**Required action:**
Every line holding the string "SUBTRACT" is to be copied from the entries below.

**Given data:**
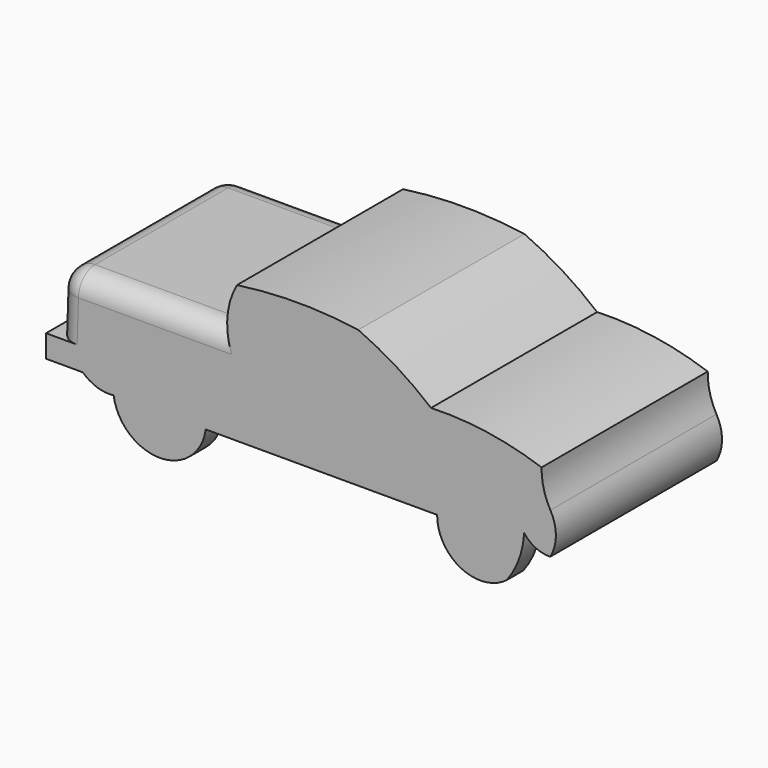
from build123d import *

# Parameters (mm, degrees)
F1_DEPTH     = 50.8
F2_W         = 100.3971769168
F2_H         = 40.64
F3_DEPTH     = 25.4
F5_R         = 5.08
F4_TEXT_SIZE = 5.9811271751
F6_DEPTH     = 0.254


# Not quite as in the source:
# - Text() gives the source's letters only with a copy of the font that has no kerning and outlines rounded to 1/6400 em; it was checked with that copy


with BuildPart() as f1:
    # F0 (on Front) → F1 (new body)
    with BuildSketch(Plane.XZ):
        with BuildLine():
            Line((-20.1590135694, 18.2808451355), (-61.4787340164, 18.2808451355))
            Line((-61.4787340164, 18.2808451355), (-61.9795769453, 3.0050706118))
            Line((-61.9795769453, 3.0050706118), (-64.4838064909, 3.0050706118))
            Line((-64.4838064909, 3.0050706118), (-64.4838064909, -2.5042253546))
            Line((-64.4838064909, -2.5042253546), (-55.4685927927, -2.5042253546))
            ThreePointArc((-55.4685927927, -2.5042253546), (-51.9917217828, -4.5947413495), (-47.9559153318, -5.0084507093))
            ThreePointArc((-47.9559153318, -5.0084507093), (-36.6869019344, -14.7997536644), (-25.417888537, -5.0084507093))
            Line((-25.417888537, -5.0084507093), (31.1776082963, -5.0084507093))
            ThreePointArc((31.1776082963, -5.0084507093), (37.0207636914, -14.5997317093), (48.1997533836, -13.5202292063))
            ThreePointArc((48.1997533836, -13.5202292063), (51.1910166517, -8.0799647059), (52.463516593, -2.0033803303))
            ThreePointArc((52.463516593, -2.0033803303), (55.2928693041, -4.2999364426), (58.8674202234, -5.0084507093))
            ThreePointArc((58.8674202234, -5.0084507093), (60.2117373378, 0), (58.8674202234, 5.0084507093))
            ThreePointArc((58.8674202234, 5.0084507093), (57.2294551617, 9.1232803706), (56.720700115, 13.5228168219))
            ThreePointArc((56.720700115, 13.5228168219), (43.3826008867, 16.7730344114), (29.6750683337, 17.5295770168))
            ThreePointArc((29.6750683337, 17.5295770168), (21.1746000008, 23.6674353013), (11.8950679898, 28.5481680185))
            ThreePointArc((11.8950679898, 28.5481680185), (-2.9521239572, 29.6125163479), (-17.7993159042, 28.5481680185))
            ThreePointArc((-17.7993159042, 28.5481680185), (-19.728005488, 23.5866096453), (-20.1590135694, 18.2808451355))
        make_face()
    extrude(amount=F1_DEPTH)

    # F2 (on face) → F3 (cut)
    with BuildSketch(Plane(origin=(0, 0, -5.0084507093), x_dir=(1, 0, 0), z_dir=(0, 0, -1))):
        with Locations((2.791043371, 25.4)):
            Rectangle(F2_W, F2_H)
    extrude(amount=F3_DEPTH, mode=Mode.SUBTRACT)

    # F5
    f5_edges = [f1.edges().sort_by_distance(p)[0] for p in [
        (-40.818874, -50.8, 18.280845),
        (-61.729155, -50.8, 10.642958),
        (-61.478734, -25.4, 18.280845),
        (-61.729155, 0, 10.642958),
        (-40.818874, 0, 18.280845),
    ]]
    fillet(f5_edges, radius=F5_R)

    # F4 (on face) → F6 (cut)
    with BuildSketch(Plane(origin=(-62.0114429478, 0, 2.0331533869), x_dir=(0, -1, 0), z_dir=(-0.9994629476, 0, 0.0327691371))):
        with Locations((3.81, 2.1603780345)):
            Text('Mason Hrdlicka', F4_TEXT_SIZE, font='Open Sans', text_align=(TextAlign.LEFT, TextAlign.BOTTOM))
    extrude(amount=-F6_DEPTH, mode=Mode.SUBTRACT)


solid = f1.part

**Your response:**
    extrude(amount=F3_DEPTH, mode=Mode.SUBTRACT)
    extrude(amount=-F6_DEPTH, mode=Mode.SUBTRACT)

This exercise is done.